--- MATERIAL FOR THE TASK Enclosed Below ---
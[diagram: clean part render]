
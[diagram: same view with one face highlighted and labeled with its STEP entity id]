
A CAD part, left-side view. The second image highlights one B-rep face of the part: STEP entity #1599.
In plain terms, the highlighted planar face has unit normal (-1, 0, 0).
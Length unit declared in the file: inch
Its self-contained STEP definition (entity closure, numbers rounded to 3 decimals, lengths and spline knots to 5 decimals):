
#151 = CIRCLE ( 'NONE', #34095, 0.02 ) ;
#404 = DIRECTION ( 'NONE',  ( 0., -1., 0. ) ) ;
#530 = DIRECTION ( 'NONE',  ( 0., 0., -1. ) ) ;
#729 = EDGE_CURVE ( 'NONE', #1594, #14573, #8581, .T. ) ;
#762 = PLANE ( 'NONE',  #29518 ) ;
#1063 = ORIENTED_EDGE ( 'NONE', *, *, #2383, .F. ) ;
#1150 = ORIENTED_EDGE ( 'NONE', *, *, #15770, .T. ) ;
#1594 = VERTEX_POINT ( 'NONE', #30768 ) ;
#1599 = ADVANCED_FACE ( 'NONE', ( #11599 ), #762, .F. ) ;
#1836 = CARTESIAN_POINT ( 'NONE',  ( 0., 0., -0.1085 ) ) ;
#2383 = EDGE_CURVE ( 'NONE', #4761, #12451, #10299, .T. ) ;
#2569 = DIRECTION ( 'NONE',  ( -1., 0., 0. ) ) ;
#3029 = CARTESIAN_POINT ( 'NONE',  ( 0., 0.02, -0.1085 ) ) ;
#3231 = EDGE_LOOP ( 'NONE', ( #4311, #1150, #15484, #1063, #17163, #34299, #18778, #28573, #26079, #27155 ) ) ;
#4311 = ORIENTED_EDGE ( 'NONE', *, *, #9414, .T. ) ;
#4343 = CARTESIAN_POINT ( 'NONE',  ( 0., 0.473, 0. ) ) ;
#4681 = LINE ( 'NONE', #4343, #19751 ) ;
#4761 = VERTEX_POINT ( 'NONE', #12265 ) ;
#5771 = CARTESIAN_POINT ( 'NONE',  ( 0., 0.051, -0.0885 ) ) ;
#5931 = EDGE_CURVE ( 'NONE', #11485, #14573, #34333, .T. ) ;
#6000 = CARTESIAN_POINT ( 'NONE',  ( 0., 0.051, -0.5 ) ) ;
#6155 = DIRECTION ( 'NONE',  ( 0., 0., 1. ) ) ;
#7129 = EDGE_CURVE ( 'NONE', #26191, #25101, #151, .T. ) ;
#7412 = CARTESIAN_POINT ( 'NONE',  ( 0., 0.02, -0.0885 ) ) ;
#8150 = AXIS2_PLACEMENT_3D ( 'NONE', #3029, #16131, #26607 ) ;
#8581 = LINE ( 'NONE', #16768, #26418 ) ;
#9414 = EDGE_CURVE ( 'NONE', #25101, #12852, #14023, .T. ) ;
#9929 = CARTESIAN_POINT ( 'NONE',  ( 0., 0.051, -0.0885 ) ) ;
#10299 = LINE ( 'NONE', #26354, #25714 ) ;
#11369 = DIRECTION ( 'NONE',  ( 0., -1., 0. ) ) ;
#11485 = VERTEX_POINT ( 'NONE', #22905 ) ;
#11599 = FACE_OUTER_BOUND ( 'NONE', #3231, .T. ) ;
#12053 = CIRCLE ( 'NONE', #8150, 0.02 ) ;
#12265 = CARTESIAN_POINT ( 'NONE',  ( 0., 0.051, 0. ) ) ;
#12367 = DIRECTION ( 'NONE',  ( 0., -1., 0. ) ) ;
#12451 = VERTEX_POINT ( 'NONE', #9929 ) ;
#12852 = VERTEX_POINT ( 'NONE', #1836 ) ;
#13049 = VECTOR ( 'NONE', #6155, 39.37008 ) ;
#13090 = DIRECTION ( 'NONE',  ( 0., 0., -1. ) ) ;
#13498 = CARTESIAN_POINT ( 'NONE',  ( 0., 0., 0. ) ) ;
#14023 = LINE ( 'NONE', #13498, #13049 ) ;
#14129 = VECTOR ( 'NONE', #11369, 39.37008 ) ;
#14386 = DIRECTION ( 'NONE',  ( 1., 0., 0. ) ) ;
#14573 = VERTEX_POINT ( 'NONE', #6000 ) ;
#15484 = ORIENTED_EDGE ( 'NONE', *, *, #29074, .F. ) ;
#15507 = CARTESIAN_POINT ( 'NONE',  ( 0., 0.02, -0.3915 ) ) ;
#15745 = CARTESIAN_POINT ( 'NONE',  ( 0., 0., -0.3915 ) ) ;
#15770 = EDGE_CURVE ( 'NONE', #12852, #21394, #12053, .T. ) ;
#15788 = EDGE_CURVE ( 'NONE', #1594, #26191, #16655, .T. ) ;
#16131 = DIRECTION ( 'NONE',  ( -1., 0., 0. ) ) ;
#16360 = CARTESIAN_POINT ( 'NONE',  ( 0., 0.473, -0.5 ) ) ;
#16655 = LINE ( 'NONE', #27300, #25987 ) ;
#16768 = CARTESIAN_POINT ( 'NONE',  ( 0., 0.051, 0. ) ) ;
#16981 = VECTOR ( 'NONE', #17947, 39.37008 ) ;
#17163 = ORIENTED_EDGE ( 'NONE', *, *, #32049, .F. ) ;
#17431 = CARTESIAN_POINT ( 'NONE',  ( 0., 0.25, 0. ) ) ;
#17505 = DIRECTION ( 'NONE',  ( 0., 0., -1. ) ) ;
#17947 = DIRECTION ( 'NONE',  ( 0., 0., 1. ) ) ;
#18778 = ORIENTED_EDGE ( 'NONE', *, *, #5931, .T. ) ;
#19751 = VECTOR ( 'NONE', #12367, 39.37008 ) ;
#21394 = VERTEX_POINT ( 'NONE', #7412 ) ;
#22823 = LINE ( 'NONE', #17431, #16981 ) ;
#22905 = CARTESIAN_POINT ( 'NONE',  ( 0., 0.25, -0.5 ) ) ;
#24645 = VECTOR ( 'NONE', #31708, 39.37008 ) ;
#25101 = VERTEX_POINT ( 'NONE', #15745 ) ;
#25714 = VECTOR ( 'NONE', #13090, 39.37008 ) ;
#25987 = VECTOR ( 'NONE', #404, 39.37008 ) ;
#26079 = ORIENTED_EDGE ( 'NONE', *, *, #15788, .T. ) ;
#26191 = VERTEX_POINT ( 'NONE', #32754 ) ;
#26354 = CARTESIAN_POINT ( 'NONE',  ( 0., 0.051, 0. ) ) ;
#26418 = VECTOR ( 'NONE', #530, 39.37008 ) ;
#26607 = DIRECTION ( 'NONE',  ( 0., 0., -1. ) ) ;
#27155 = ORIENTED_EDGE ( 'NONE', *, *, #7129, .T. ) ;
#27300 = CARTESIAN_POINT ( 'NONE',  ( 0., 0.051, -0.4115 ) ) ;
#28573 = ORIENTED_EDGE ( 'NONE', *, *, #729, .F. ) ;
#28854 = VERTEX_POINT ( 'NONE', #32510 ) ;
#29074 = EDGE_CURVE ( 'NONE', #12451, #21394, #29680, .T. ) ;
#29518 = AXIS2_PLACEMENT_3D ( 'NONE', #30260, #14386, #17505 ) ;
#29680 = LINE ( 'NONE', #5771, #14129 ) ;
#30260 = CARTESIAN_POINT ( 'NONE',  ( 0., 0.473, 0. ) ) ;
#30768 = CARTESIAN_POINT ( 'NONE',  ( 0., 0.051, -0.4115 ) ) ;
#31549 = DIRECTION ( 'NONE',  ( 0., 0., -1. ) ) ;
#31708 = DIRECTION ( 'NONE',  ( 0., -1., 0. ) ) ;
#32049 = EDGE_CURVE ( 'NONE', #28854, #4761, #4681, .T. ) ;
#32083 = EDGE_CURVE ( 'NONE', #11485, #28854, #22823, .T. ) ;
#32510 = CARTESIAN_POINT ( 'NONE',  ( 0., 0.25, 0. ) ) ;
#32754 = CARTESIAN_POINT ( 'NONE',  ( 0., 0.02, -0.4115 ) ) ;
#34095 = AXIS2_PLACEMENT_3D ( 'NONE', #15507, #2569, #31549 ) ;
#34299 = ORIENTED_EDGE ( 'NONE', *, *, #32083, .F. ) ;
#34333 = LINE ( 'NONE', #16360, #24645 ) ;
--- End of Enclosed MATERIAL FOR THE TASK ---
• WORK ORDER: Look above for the line with "#12451 = VERTEX_POINT ( 'NONE', #9929 ) ;" and the line with "#14573 = VERTEX_POINT ( 'NONE', #6000 ) ;". Write out those two lines and all the lines between them, exactly, and no others.

• YOUR RESPONSE:
#12451 = VERTEX_POINT ( 'NONE', #9929 ) ;
#12852 = VERTEX_POINT ( 'NONE', #1836 ) ;
#13049 = VECTOR ( 'NONE', #6155, 39.37008 ) ;
#13090 = DIRECTION ( 'NONE',  ( 0., 0., -1. ) ) ;
#13498 = CARTESIAN_POINT ( 'NONE',  ( 0., 0., 0. ) ) ;
#14023 = LINE ( 'NONE', #13498, #13049 ) ;
#14129 = VECTOR ( 'NONE', #11369, 39.37008 ) ;
#14386 = DIRECTION ( 'NONE',  ( 1., 0., 0. ) ) ;
#14573 = VERTEX_POINT ( 'NONE', #6000 ) ;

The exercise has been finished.